Task to complete
Only the lines holding "units" are wanted; find them in the listing and return each one.

Listed records
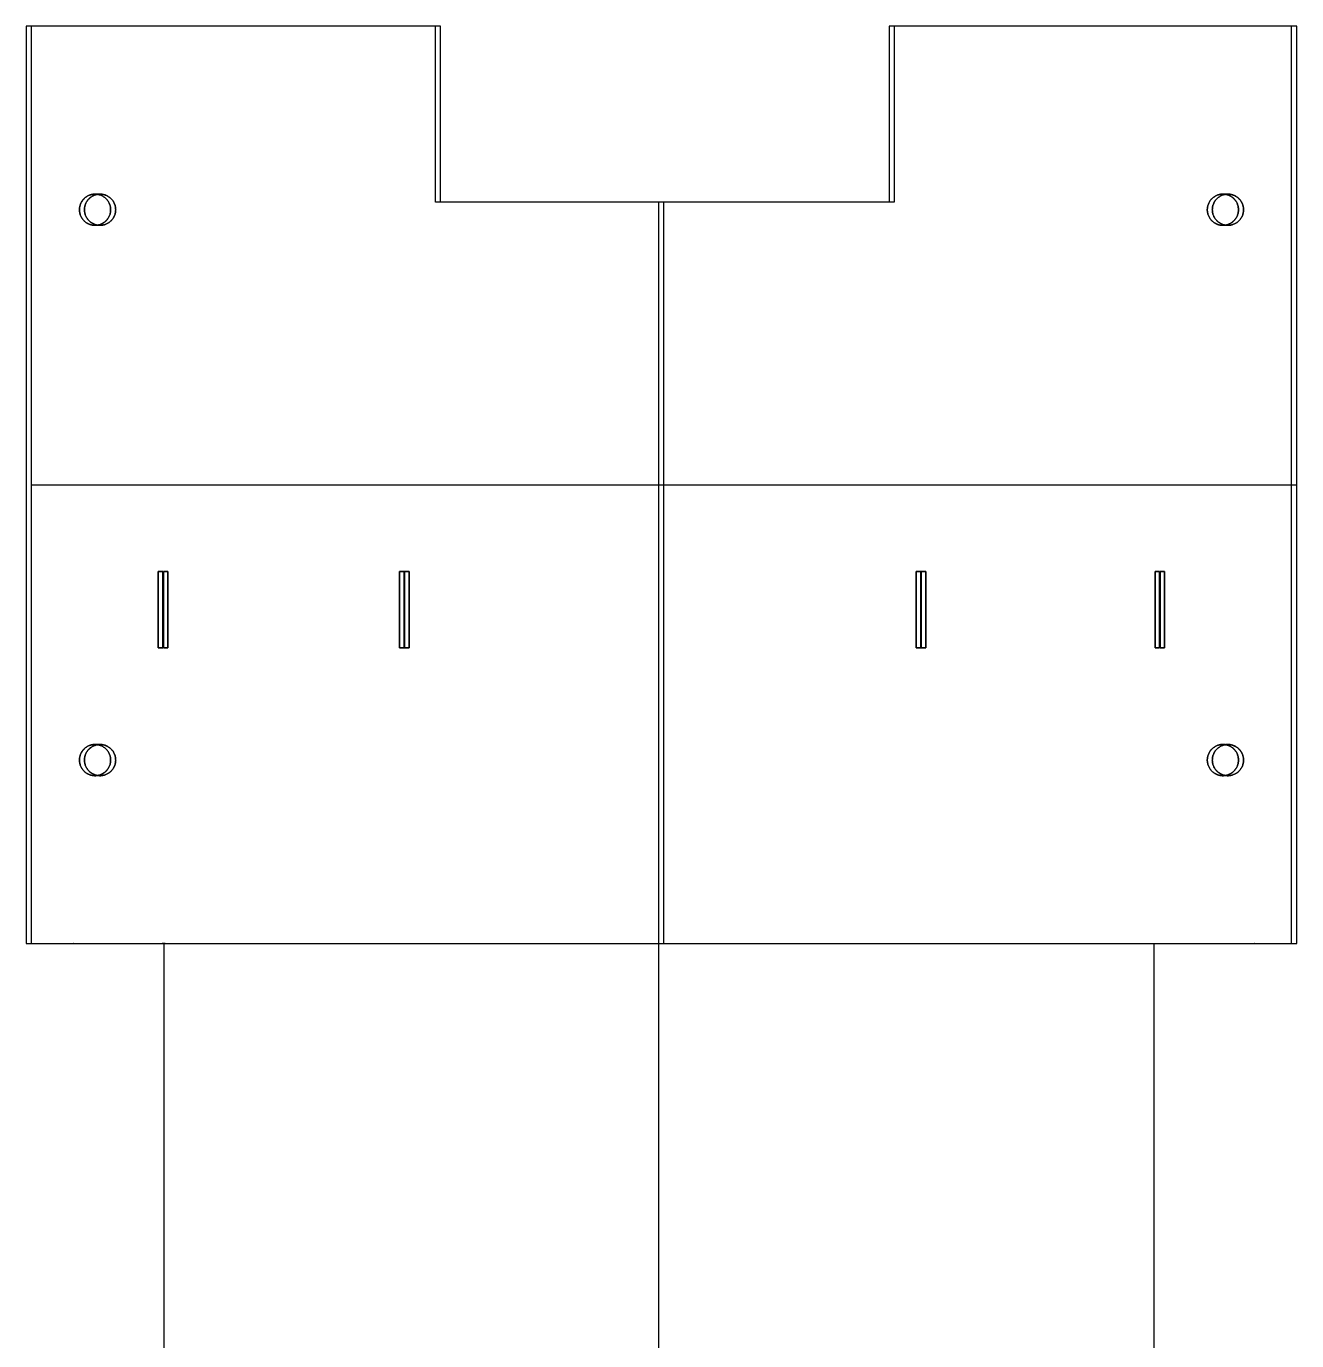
# Model space of a CAD drawing. Header units: millimetres. Extents: x 240 to 379, y -77 to 215.
# Drawn here: x 240.2 to 378.8, y 72.1 to 215.5 of the extents above; entities that cross this region are included whole.
import ezdxf

# ---------------------------------------------------------------- set-up
doc = ezdxf.new("R2010")
doc.units = ezdxf.units.MM
doc.header["$MEASUREMENT"] = 0
doc.layers.add('CUT', color=178, linetype='Continuous', true_color=0x000000)

msp = doc.modelspace()

# ---------------------------------------------------------------- linework, layer by layer
at = {"layer": 'CUT'}
for p, q in [((309.22, -77, -3), (309.22, 196.26, -3)), ((309.77, 115.45, 3), (309.77, 196.26, 3)), ((240.77, 165.45, 3), (378.77, 165.45, 3)), ((378.22, 165.45), (378.77, 165.45)), ((309.22, 63), (309.22, 115.45))]:
    msp.add_line(p, q, dxfattribs=at)
for points in [[(240.22, 215.45), (240.22, 165.45), (240.22, 115.45)], [(284.85, 215.45, -3), (262.54, 215.45, -3), (240.22, 215.45, -3)], [(240.22, 215.45, -3), (240.22, 165.45, -3), (240.22, 115.45, -3)], [(240.22, 215.45, -3), (240.22, 215.45, -1.5), (240.22, 215.45)], [(240.77, 215.45), (240.5, 215.45), (240.22, 215.45)], [(284.85, 215.45, -1.5), (262.54, 215.45, -1.5), (240.22, 215.45, -1.5)], [(240.22, 215.45, -1.5), (240.22, 165.45, -1.5), (240.22, 115.45, -1.5)], [(284.85, 215.45), (262.81, 215.45), (240.77, 215.45)], [(285.41, 215.45, 3), (263.09, 215.45, 3), (240.77, 215.45, 3)], [(240.77, 215.45, 3), (240.77, 165.45, 3), (240.77, 115.45, 3)], [(240.77, 215.45), (240.77, 215.45, 1.5), (240.77, 215.45, 3)], [(240.77, 215.45), (240.77, 165.45), (240.77, 115.45)], [(285.41, 215.45, 1.5), (263.09, 215.45, 1.5), (240.77, 215.45, 1.5)], [(240.77, 215.45, 1.5), (240.77, 165.45, 1.5), (240.77, 115.45, 1.5)], [(262.54, 215.45, -3), (262.54, 215.45, -1.5), (262.54, 215.45)], [(263.09, 215.45), (263.09, 215.45, 1.5), (263.09, 215.45, 3)], [(284.85, 196.26), (284.85, 205.86), (284.85, 215.45)], [(284.85, 196.26, -3), (284.85, 205.86, -3), (284.85, 215.45, -3)], [(284.85, 215.45, -3), (284.85, 215.45, -1.5), (284.85, 215.45)], [(285.41, 215.45), (285.13, 215.45), (284.85, 215.45)], [(284.85, 196.26, -1.5), (284.85, 205.86, -1.5), (284.85, 215.45, -1.5)], [(285.41, 196.26, 3), (285.41, 205.86, 3), (285.41, 215.45, 3)], [(285.41, 196.26), (285.41, 205.86), (285.41, 215.45)], [(285.41, 215.45), (285.41, 215.45, 1.5), (285.41, 215.45, 3)], [(285.41, 196.26, 1.5), (285.41, 205.86, 1.5), (285.41, 215.45, 1.5)], [(334.34, 215.45), (334.34, 205.86), (334.34, 196.26)], [(334.34, 215.45, -3), (334.34, 205.86, -3), (334.34, 196.26, -3)], [(378.22, 215.45, -3), (356.28, 215.45, -3), (334.34, 215.45, -3)], [(334.34, 215.45, -3), (334.34, 215.45, -1.5), (334.34, 215.45)], [(334.89, 215.45), (334.62, 215.45), (334.34, 215.45)], [(378.22, 215.45, -1.5), (356.28, 215.45, -1.5), (334.34, 215.45, -1.5)], [(334.34, 215.45, -1.5), (334.34, 205.86, -1.5), (334.34, 196.26, -1.5)], [(378.22, 215.45), (356.56, 215.45), (334.89, 215.45)], [(334.89, 215.45, 3), (334.89, 205.86, 3), (334.89, 196.26, 3)], [(378.77, 215.45, 3), (356.83, 215.45, 3), (334.89, 215.45, 3)], [(334.89, 215.45), (334.89, 215.45, 1.5), (334.89, 215.45, 3)], [(334.89, 215.45), (334.89, 205.86), (334.89, 196.26)], [(378.77, 215.45, 1.5), (356.83, 215.45, 1.5), (334.89, 215.45, 1.5)], [(334.89, 215.45, 1.5), (334.89, 205.86, 1.5), (334.89, 196.26, 1.5)], [(356.28, 215.45, -3), (356.28, 215.45, -1.5), (356.28, 215.45)], [(356.83, 215.45), (356.83, 215.45, 1.5), (356.83, 215.45, 3)], [(378.22, 115.45), (378.22, 165.45), (378.22, 215.45)], [(378.22, 115.45, -3), (378.22, 165.45, -3), (378.22, 215.45, -3)], [(378.22, 215.45, -3), (378.22, 215.45, -1.5), (378.22, 215.45)], [(378.77, 215.45), (378.5, 215.45), (378.22, 215.45)], [(378.22, 115.45, -1.5), (378.22, 165.45, -1.5), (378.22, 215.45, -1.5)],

Answer
# Model space of a CAD drawing. Header units: millimetres. Extents: x 240 to 379, y -77 to 215.
doc.units = ezdxf.units.MM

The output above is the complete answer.